From the On Being podcast. Original Air Date: April 25, 2013 From Krista Tippett’s interview with poet Marie Howe
Ms. Howe:
It’s just different. And one of my teachers at Columbia was Joseph Brodsky, who’s a Russian poet, wonderful, amazing poet, who was exiled from the Soviet Union for being a poet. And he said look, he said, “You Americans, you are so naïve. You think evil is going to come into your houses wearing big black boots. It doesn’t come like that. Look at the language. It begins in the language.” And I was thinking the machines — what face do you look into more than any other face in your life? The face of my iPhone.
Ms. Tippett:
Your screen. Yeah.
Ms. Howe:
My screen. I gaze into that face.
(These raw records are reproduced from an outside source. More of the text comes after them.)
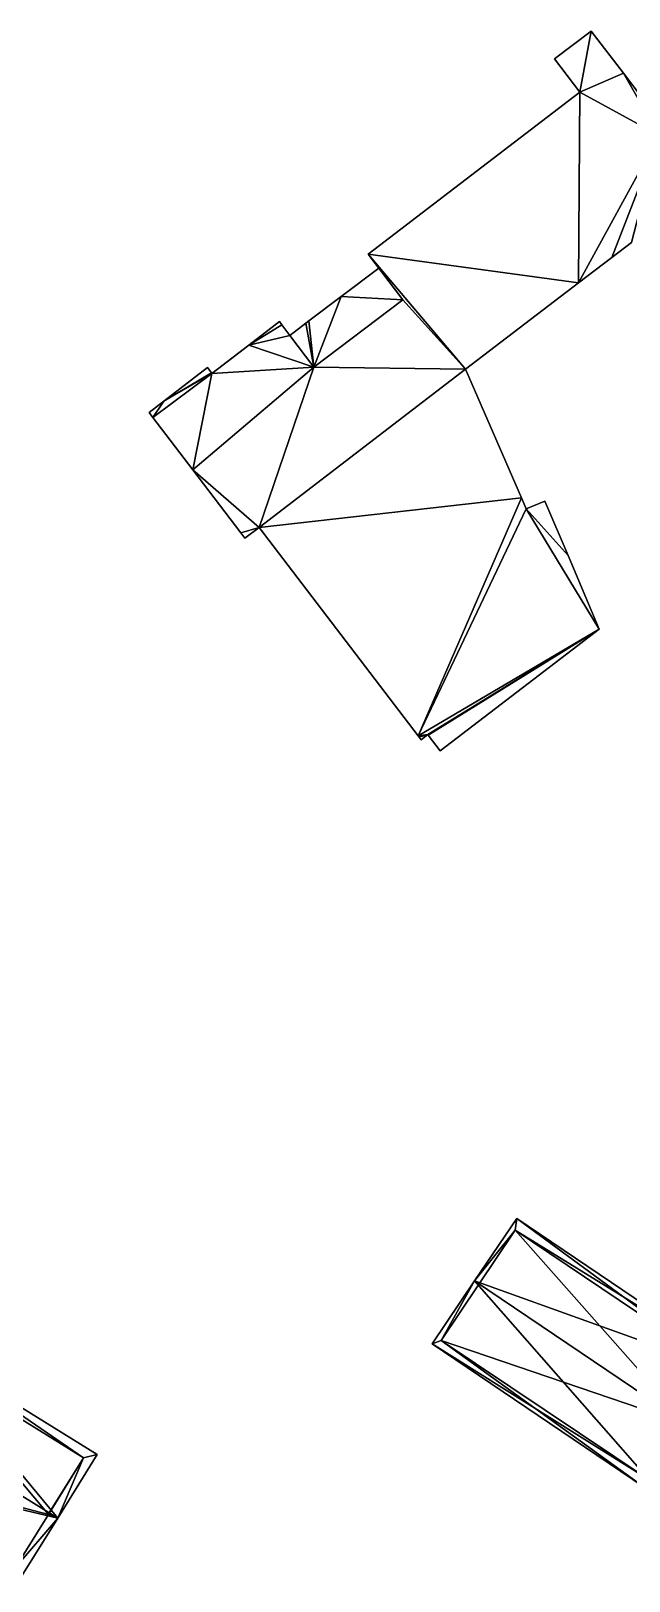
# Model space of a CAD drawing. Extents: x 2679264 to 2679716, y 1246766 to 1247183.
# Drawn here: x 2679528.8 to 2679574.3, y 1247064.8 to 1247182.7 of the extents above; entities that cross this region are included whole.
import ezdxf

# ---------------------------------------------------------------- set-up
doc = ezdxf.new("R2010")
doc.units = 0

msp = doc.modelspace()

# ---------------------------------------------------------------- linework, layer by layer
for points in [[(2679568.65, 1247180.63, 455.47), (2679571.44, 1247182.74, 455.47), (2679570.58, 1247178.08, 455.47)], [(2679571.44, 1247182.74, 455.47), (2679568.65, 1247180.63, 455.47), (2679568.65, 1247180.63, 428.01)], [(2679571.44, 1247182.74, 428.01), (2679571.44, 1247182.74, 455.47), (2679568.65, 1247180.63, 428.01)], [(2679571.44, 1247182.74, 428.01), (2679568.65, 1247180.63, 428.01), (2679570.58, 1247178.08, 428.01)], [(2679571.44, 1247182.74, 455.47), (2679573.89, 1247179.52, 455.47), (2679570.58, 1247178.08, 455.47)], [(2679573.89, 1247179.52, 428.01), (2679571.44, 1247182.74, 428.01), (2679570.58, 1247178.08, 428.01)], [(2679573.89, 1247179.52, 455.47), (2679571.44, 1247182.74, 455.47), (2679571.44, 1247182.74, 428.01)], [(2679573.89, 1247179.52, 428.01), (2679573.89, 1247179.52, 455.47), (2679571.44, 1247182.74, 428.01)], [(2679568.65, 1247180.63, 455.47), (2679570.58, 1247178.08, 455.47), (2679570.58, 1247178.08, 428.01)], [(2679568.65, 1247180.63, 428.01), (2679568.65, 1247180.63, 455.47), (2679570.58, 1247178.08, 428.01)], [(2679573.89, 1247179.52, 455.47), (2679576.61, 1247174.78, 455.47), (2679570.58, 1247178.08, 455.47)], [(2679573.89, 1247179.52, 428.01), (2679570.58, 1247178.08, 428.01), (2679576.61, 1247174.78, 428.01)], [(2679576.88, 1247175.58, 455.47), (2679576.61, 1247174.78, 455.47), (2679573.89, 1247179.52, 455.47)], [(2679576.88, 1247175.58, 455.47), (2679573.89, 1247179.52, 455.47), (2679573.89, 1247179.52, 428.01)], [(2679576.88, 1247175.58, 428.01), (2679576.88, 1247175.58, 455.47), (2679573.89, 1247179.52, 428.01)], [(2679576.88, 1247175.58, 428.01), (2679573.89, 1247179.52, 428.01), (2679576.61, 1247174.78, 428.01)], [(2679570.58, 1247178.08, 455.47), (2679570.47, 1247163.58, 455.47), (2679554.48, 1247165.77, 455.47)], [(2679570.58, 1247178.08, 455.47), (2679554.48, 1247165.77, 455.47), (2679554.48, 1247165.77, 428.01)], [(2679570.58, 1247178.08, 428.01), (2679570.58, 1247178.08, 455.47), (2679554.48, 1247165.77, 428.01)], [(2679570.58, 1247178.08, 428.01), (2679554.48, 1247165.77, 428.01), (2679570.47, 1247163.58, 428.01)], [(2679576.61, 1247174.78, 455.47), (2679570.47, 1247163.58, 455.47), (2679570.58, 1247178.08, 455.47)], [(2679570.58, 1247178.08, 428.01), (2679570.47, 1247163.58, 428.01), (2679576.61, 1247174.78, 428.01)], [(2679573, 1247165.51, 455.47), (2679570.47, 1247163.58, 455.47), (2679576.61, 1247174.78, 455.47)], [(2679570.47, 1247163.58, 428.01), (2679573, 1247165.51, 428.01), (2679576.61, 1247174.78, 428.01)], [(2679574.51, 1247166.65, 455.47), (2679573, 1247165.51, 455.47), (2679576.61, 1247174.78, 455.47)], [(2679573, 1247165.51, 428.01), (2679574.51, 1247166.65, 428.01), (2679576.61, 1247174.78, 428.01)], [(2679573, 1247165.51, 455.47), (2679574.51, 1247166.65, 455.47), (2679574.51, 1247166.65, 428.01)], [(2679573, 1247165.51, 428.01), (2679573, 1247165.51, 455.47), (2679574.51, 1247166.65, 428.01)], [(2679570.47, 1247163.58, 455.47), (2679561.88, 1247157.01, 455.47), (2679554.48, 1247165.77, 455.47)], [(2679554.48, 1247165.77, 455.47), (2679561.88, 1247157.01, 455.47), (2679557.11, 1247162.29, 455.47)], [(2679554.48, 1247165.77, 428.01), (2679557.11, 1247162.29, 428.01), (2679561.88, 1247157.01, 428.01)], [(2679554.48, 1247165.77, 428.01), (2679561.88, 1247157.01, 428.01), (2679570.47, 1247163.58, 428.01)], [(2679570.47, 1247163.58, 455.47), (2679573, 1247165.51, 455.47), (2679573, 1247165.51, 428.01)], [(2679570.47, 1247163.58, 428.01), (2679570.47, 1247163.58, 455.47), (2679573, 1247165.51, 428.01)], [(2679552.44, 1247162.55, 458.35), (2679555.28, 1247164.71, 458.35), (2679557.11, 1247162.29, 458.35)], [(2679557.11, 1247162.29, 428.01), (2679555.28, 1247164.71, 428.01), (2679552.44, 1247162.55, 428.01)], [(2679557.11, 1247162.29, 455.47), (2679557.11, 1247162.29, 458.35), (2679555.28, 1247164.71, 458.35)], [(2679555.28, 1247164.71, 455.47), (2679557.11, 1247162.29, 455.47), (2679555.28, 1247164.71, 458.35)], [(2679561.88, 1247157.01, 455.47), (2679570.47, 1247163.58, 455.47), (2679570.47, 1247163.58, 428.01)], [(2679561.88, 1247157.01, 428.01), (2679561.88, 1247157.01, 455.47), (2679570.47, 1247163.58, 428.01)], [(2679549.97, 1247160.69, 458.35), (2679552.44, 1247162.55, 458.35), (2679550.35, 1247157.18, 458.35)], [(2679550.35, 1247157.18, 428.01), (2679552.44, 1247162.55, 428.01), (2679549.97, 1247160.69, 428.01)], [(2679550.35, 1247157.18, 458.35), (2679552.44, 1247162.55, 458.35), (2679557.11, 1247162.29, 458.35)], [(2679550.35, 1247157.18, 428.01), (2679557.11, 1247162.29, 428.01), (2679552.44, 1247162.55, 428.01)], [(2679557.11, 1247162.29, 455.47), (2679561.88, 1247157.01, 455.47), (2679550.35, 1247157.18, 455.47)], [(2679557.11, 1247162.29, 428.01), (2679550.35, 1247157.18, 428.01), (2679561.88, 1247157.01, 428.01)], [(2679550.35, 1247157.18, 455.47), (2679550.35, 1247157.18, 458.35), (2679557.11, 1247162.29, 458.35)], [(2679557.11, 1247162.29, 455.47), (2679550.35, 1247157.18, 455.47), (2679557.11, 1247162.29, 458.35)], [(2679547.74, 1247160.63, 455.47), (2679547.92, 1247160.39, 455.47), (2679545.4, 1247158.84, 455.47)], [(2679545.4, 1247158.84, 446.07), (2679547.74, 1247160.63, 455.47), (2679545.4, 1247158.84, 455.47)], [(2679547.74, 1247160.63, 455.47), (2679545.4, 1247158.84, 446.07), (2679547.74, 1247160.63, 446.07)], [(2679547.92, 1247160.39, 428.01), (2679547.74, 1247160.63, 428.01), (2679545.4, 1247158.84, 428.01)], [(2679547.92, 1247160.39, 455.47), (2679548.53, 1247159.58, 455.47), (2679545.4, 1247158.84, 455.47)], [(2679548.53, 1247159.58, 428.01), (2679547.92, 1247160.39, 428.01), (2679545.4, 1247158.84, 428.01)], [(2679548.53, 1247159.58, 458.35), (2679549.75, 1247160.52, 458.35), (2679550.35, 1247157.18, 458.35)], [(2679549.75, 1247160.52, 428.01), (2679548.53, 1247159.58, 428.01), (2679550.35, 1247157.18, 428.01)], [(2679549.75, 1247160.52, 458.35), (2679549.97, 1247160.69, 458.35), (2679550.35, 1247157.18, 458.35)], [(2679549.75, 1247160.52, 428.01), (2679550.35, 1247157.18, 428.01), (2679549.97, 1247160.69, 428.01)], [(2679545.4, 1247158.84, 455.47), (2679550.35, 1247157.18, 455.47), (2679542.59, 1247156.69, 455.47)], [(2679542.59, 1247156.69, 455.47), (2679544.08, 1247157.83, 446.07), (2679545.4, 1247158.84, 455.47)], [(2679550.35, 1247157.18, 428.01), (2679545.4, 1247158.84, 428.01), (2679542.59, 1247156.69, 428.01)], [(2679545.4, 1247158.84, 455.47), (2679544.08, 1247157.83, 446.07), (2679545.4, 1247158.84, 446.07)], [(2679548.53, 1247159.58, 455.47), (2679550.35, 1247157.18, 455.47), (2679545.4, 1247158.84, 455.47)], [(2679550.35, 1247157.18, 428.01), (2679548.53, 1247159.58, 428.01), (2679545.4, 1247158.84, 428.01)], [(2679548.53, 1247159.58, 455.47), (2679548.53, 1247159.58, 458.35), (2679550.35, 1247157.18, 458.35)], [(2679550.35, 1247157.18, 455.47), (2679548.53, 1247159.58, 455.47), (2679550.35, 1247157.18, 458.35)], [(2679544.08, 1247157.83, 446.07), (2679542.59, 1247156.69, 455.47), (2679542.59, 1247156.69, 428.01)], [(2679544.08, 1247157.83, 446.07), (2679542.59, 1247156.69, 428.01), (2679544.08, 1247157.83, 428.01)], [(2679541.15, 1247149.36, 455.47), (2679538.1, 1247153.35, 455.47), (2679542.59, 1247156.69, 455.47)], [(2679542.59, 1247156.69, 455.47), (2679538.1, 1247153.35, 455.47), (2679538.94, 1247154.59, 455.47)], [(2679542.59, 1247156.69, 428.01), (2679538.94, 1247154.59, 428.01), (2679538.1, 1247153.35, 428.01)], [(2679542.59, 1247156.69, 428.01), (2679538.1, 1247153.35, 428.01), (2679541.15, 1247149.36, 428.01)], [(2679542.26, 1247157.13, 455.47), (2679542.56, 1247156.73, 455.47), (2679538.94, 1247154.59, 455.47)], [(2679542.26, 1247157.13, 455.47), (2679538.94, 1247154.59, 455.47), (2679538.94, 1247154.59, 428.01)], [(2679542.26, 1247157.13, 428.01), (2679542.26, 1247157.13, 455.47), (2679538.94, 1247154.59, 428.01)], [(2679542.56, 1247156.73, 428.01), (2679542.26, 1247157.13, 428.01), (2679538.94, 1247154.59, 428.01)], [(2679542.56, 1247156.73, 455.47), (2679542.59, 1247156.69, 455.47), (2679538.94, 1247154.59, 455.47)], [(2679542.59, 1247156.69, 428.01), (2679542.56, 1247156.73, 428.01), (2679538.94, 1247154.59, 428.01)], [(2679546.2, 1247144.97, 455.47), (2679541.15, 1247149.36, 455.47), (2679550.35, 1247157.18, 455.47)], [(2679550.35, 1247157.18, 455.47), (2679541.15, 1247149.36, 455.47), (2679542.59, 1247156.69, 455.47)], [(2679550.35, 1247157.18, 428.01), (2679542.59, 1247156.69, 428.01), (2679541.15, 1247149.36, 428.01)], [(2679550.35, 1247157.18, 428.01), (2679541.15, 1247149.36, 428.01), (2679546.2, 1247144.97, 428.01)], [(2679542.56, 1247156.73, 455.47), (2679542.26, 1247157.13, 455.47), (2679542.26, 1247157.13, 428.01)], [(2679542.56, 1247156.73, 428.01), (2679542.56, 1247156.73, 455.47), (2679542.26, 1247157.13, 428.01)], [(2679542.59, 1247156.69, 455.47), (2679542.56, 1247156.73, 455.47), (2679542.56, 1247156.73, 428.01)], [(2679542.59, 1247156.69, 428.01), (2679542.59, 1247156.69, 455.47), (2679542.56, 1247156.73, 428.01)], [(2679561.88, 1247157.01, 455.47), (2679546.2, 1247144.97, 455.47), (2679550.35, 1247157.18, 455.47)], [(2679550.35, 1247157.18, 428.01), (2679546.2, 1247144.97, 428.01), (2679561.88, 1247157.01, 428.01)], [(2679546.2, 1247144.97, 438.55), (2679546.2, 1247144.97, 455.47), (2679561.88, 1247157.01, 455.47)], [(2679561.88, 1247157.01, 438.55), (2679546.2, 1247144.97, 438.55), (2679561.88, 1247157.01, 455.47)], [(2679546.2, 1247144.97, 438.55), (2679561.88, 1247157.01, 438.55), (2679566.14, 1247147.23, 438.55)], [(2679546.2, 1247144.97, 428.01), (2679566.14, 1247147.23, 428.01), (2679561.88, 1247157.01, 428.01)], [(2679566.14, 1247147.23, 438.55), (2679561.88, 1247157.01, 438.55), (2679561.88, 1247157.01, 428.01)], [(2679566.14, 1247147.23, 428.01), (2679566.14, 1247147.23, 438.55), (2679561.88, 1247157.01, 428.01)], [(2679538.1, 1247153.35, 455.47), (2679537.82, 1247153.73, 455.47), (2679538.94, 1247154.59, 455.47)], [(2679538.94, 1247154.59, 455.47), (2679537.82, 1247153.73, 455.47), (2679537.82, 1247153.73, 428.01)], [(2679538.94, 1247154.59, 428.01), (2679538.94, 1247154.59, 455.47), (2679537.82, 1247153.73, 428.01)], [(2679538.94, 1247154.59, 428.01), (2679537.82, 1247153.73, 428.01), (2679538.1, 1247153.35, 428.01)], [(2679537.82, 1247153.73, 455.47), (2679538.1, 1247153.35, 455.47), (2679538.1, 1247153.35, 428.01)], [(2679537.82, 1247153.73, 428.01), (2679537.82, 1247153.73, 455.47), (2679538.1, 1247153.35, 428.01)], [(2679538.1, 1247153.35, 455.47), (2679541.15, 1247149.36, 455.47), (2679541.15, 1247149.36, 428.01)], [(2679538.1, 1247153.35, 428.01), (2679538.1, 1247153.35, 455.47), (2679541.15, 1247149.36, 428.01)], [(2679544.8, 1247144.56, 455.47), (2679541.15, 1247149.36, 455.47), (2679546.2, 1247144.97, 455.47)], [(2679541.15, 1247149.36, 455.47), (2679544.8, 1247144.56, 455.47), (2679544.8, 1247144.56, 428.01)], [(2679541.15, 1247149.36, 428.01), (2679541.15, 1247149.36, 455.47), (2679544.8, 1247144.56, 428.01)], [(2679541.15, 1247149.36, 428.01), (2679544.8, 1247144.56, 428.01), (2679546.2, 1247144.97, 428.01)], [(2679558.29, 1247129.11, 438.55), (2679546.2, 1247144.97, 438.55), (2679566.14, 1247147.23, 438.55)], [(2679546.2, 1247144.97, 428.01), (2679558.29, 1247129.11, 428.01), (2679566.14, 1247147.23, 428.01)], [(2679566.5, 1247146.4, 438.55), (2679558.29, 1247129.11, 438.55), (2679566.14, 1247147.23, 438.55)], [(2679558.29, 1247129.11, 428.01), (2679566.5, 1247146.4, 428.01), (2679566.14, 1247147.23, 428.01)], [(2679566.5, 1247146.4, 438.55), (2679566.14, 1247147.23, 438.55), (2679566.14, 1247147.23, 428.01)], [(2679566.5, 1247146.4, 428.01), (2679566.5, 1247146.4, 438.55), (2679566.14, 1247147.23, 428.01)], [(2679572.05, 1247137.23, 438.55), (2679558.29, 1247129.11, 438.55), (2679566.5, 1247146.4, 438.55)], [(2679558.29, 1247129.11, 428.01), (2679572.05, 1247137.23, 428.01), (2679566.5, 1247146.4, 428.01)], [(2679567.92, 1247146.97, 438.55), (2679569.68, 1247142.83, 438.55), (2679566.5, 1247146.4, 438.55)], [(2679567.92, 1247146.97, 438.55), (2679566.5, 1247146.4, 438.55), (2679566.5, 1247146.4, 428.01)], [(2679567.92, 1247146.97, 428.01), (2679567.92, 1247146.97, 438.55), (2679566.5, 1247146.4, 428.01)], [(2679569.68, 1247142.83, 428.01), (2679567.92, 1247146.97, 428.01), (2679566.5, 1247146.4, 428.01)], [(2679569.68, 1247142.83, 438.55), (2679572.05, 1247137.23, 438.55), (2679566.5, 1247146.4, 438.55)], [(2679572.05, 1247137.23, 428.01), (2679569.68, 1247142.83, 428.01), (2679566.5, 1247146.4, 428.01)], [(2679569.68, 1247142.83, 438.55), (2679567.92, 1247146.97, 438.55), (2679567.92, 1247146.97, 428.01)], [(2679569.68, 1247142.83, 428.01), (2679569.68, 1247142.83, 438.55), (2679567.92, 1247146.97, 428.01)], [(2679545.11, 1247144.17, 455.47), (2679544.8, 1247144.56, 455.47), (2679546.2, 1247144.97, 455.47)], [(2679544.8, 1247144.56, 428.01), (2679545.11, 1247144.17, 428.01), (2679546.2, 1247144.97, 428.01)], [(2679545.11, 1247144.17, 455.47), (2679546.2, 1247144.97, 455.47), (2679546.2, 1247144.97, 428.01)], [(2679545.11, 1247144.17, 428.01), (2679545.11, 1247144.17, 455.47), (2679546.2, 1247144.97, 428.01)], [(2679546.2, 1247144.97, 438.55), (2679558.29, 1247129.11, 438.55), (2679558.29, 1247129.11, 428.01)], [(2679546.2, 1247144.97, 428.01), (2679546.2, 1247144.97, 438.55), (2679558.29, 1247129.11, 428.01)], [(2679544.8, 1247144.56, 455.47), (2679545.11, 1247144.17, 455.47), (2679545.11, 1247144.17, 428.01)], [(2679544.8, 1247144.56, 428.01), (2679544.8, 1247144.56, 455.47), (2679545.11, 1247144.17, 428.01)], [(2679572.05, 1247137.23, 438.55), (2679569.68, 1247142.83, 438.55), (2679569.68, 1247142.83, 428.01)], [(2679572.05, 1247137.23, 428.01), (2679572.05, 1247137.23, 438.55), (2679569.68, 1247142.83, 428.01)], [(2679559.01, 1247129.22, 438.55), (2679558.29, 1247129.11, 438.55), (2679572.05, 1247137.23, 438.55)], [(2679558.29, 1247129.11, 428.01), (2679559.01, 1247129.22, 428.01), (2679572.05, 1247137.23, 428.01)], [(2679559.05, 1247129.17, 438.55), (2679559.01, 1247129.22, 438.55), (2679572.05, 1247137.23, 438.55)], [(2679559.01, 1247129.22, 428.01), (2679559.05, 1247129.17, 428.01), (2679572.05, 1247137.23, 428.01)], [(2679559.95, 1247127.99, 438.55), (2679559.05, 1247129.17, 438.55), (2679572.05, 1247137.23, 438.55)], [(2679559.05, 1247129.17, 428.01), (2679559.95, 1247127.99, 428.01), (2679572.05, 1247137.23, 428.01)], [(2679559.95, 1247127.99, 438.55), (2679572.05, 1247137.23, 438.55), (2679572.05, 1247137.23, 428.01)], [(2679559.95, 1247127.99, 428.01), (2679559.95, 1247127.99, 438.55), (2679572.05, 1247137.23, 428.01)], [(2679558.35, 1247129.03, 438.55), (2679558.29, 1247129.11, 438.55), (2679559.01, 1247129.22, 438.55)], [(2679558.29, 1247129.11, 428.01), (2679558.35, 1247129.03, 428.01), (2679559.01, 1247129.22, 428.01)], [(2679558.29, 1247129.11, 438.55), (2679558.35, 1247129.03, 438.55), (2679558.35, 1247129.03, 428.01)], [(2679558.29, 1247129.11, 428.01), (2679558.29, 1247129.11, 438.55), (2679558.35, 1247129.03, 428.01)], [(2679558.5, 1247128.83, 438.55), (2679558.35, 1247129.03, 438.55), (2679559.01, 1247129.22, 438.55)], [(2679558.35, 1247129.03, 428.01), (2679558.5, 1247128.83, 428.01), (2679559.01, 1247129.22, 428.01)], [(2679558.35, 1247129.03, 438.55), (2679558.5, 1247128.83, 438.55), (2679558.5, 1247128.83, 428.01)], [(2679558.35, 1247129.03, 428.01), (2679558.35, 1247129.03, 438.55), (2679558.5, 1247128.83, 428.01)], [(2679558.5, 1247128.83, 438.55), (2679559.01, 1247129.22, 438.55), (2679559.01, 1247129.22, 428.01)], [(2679558.5, 1247128.83, 428.01), (2679558.5, 1247128.83, 438.55), (2679559.01, 1247129.22, 428.01)], [(2679559.01, 1247129.22, 438.55), (2679559.05, 1247129.17, 438.55), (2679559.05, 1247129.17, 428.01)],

I do what it tells me to do. If aliens came down and saw us all walking around, what would we do? All of us are walking around…
Ms. Tippett:
[laughs] Who do they obey?
Ms. Howe:
…looking into the — “Oh, they serve these machines.” I mean, the machines rule us. I have no will when it comes to my machines, to the computer, hours doing emails. I never applied for that job. What happened? It happened in 10 years, 15 years. They rule. It’s different from what we expected.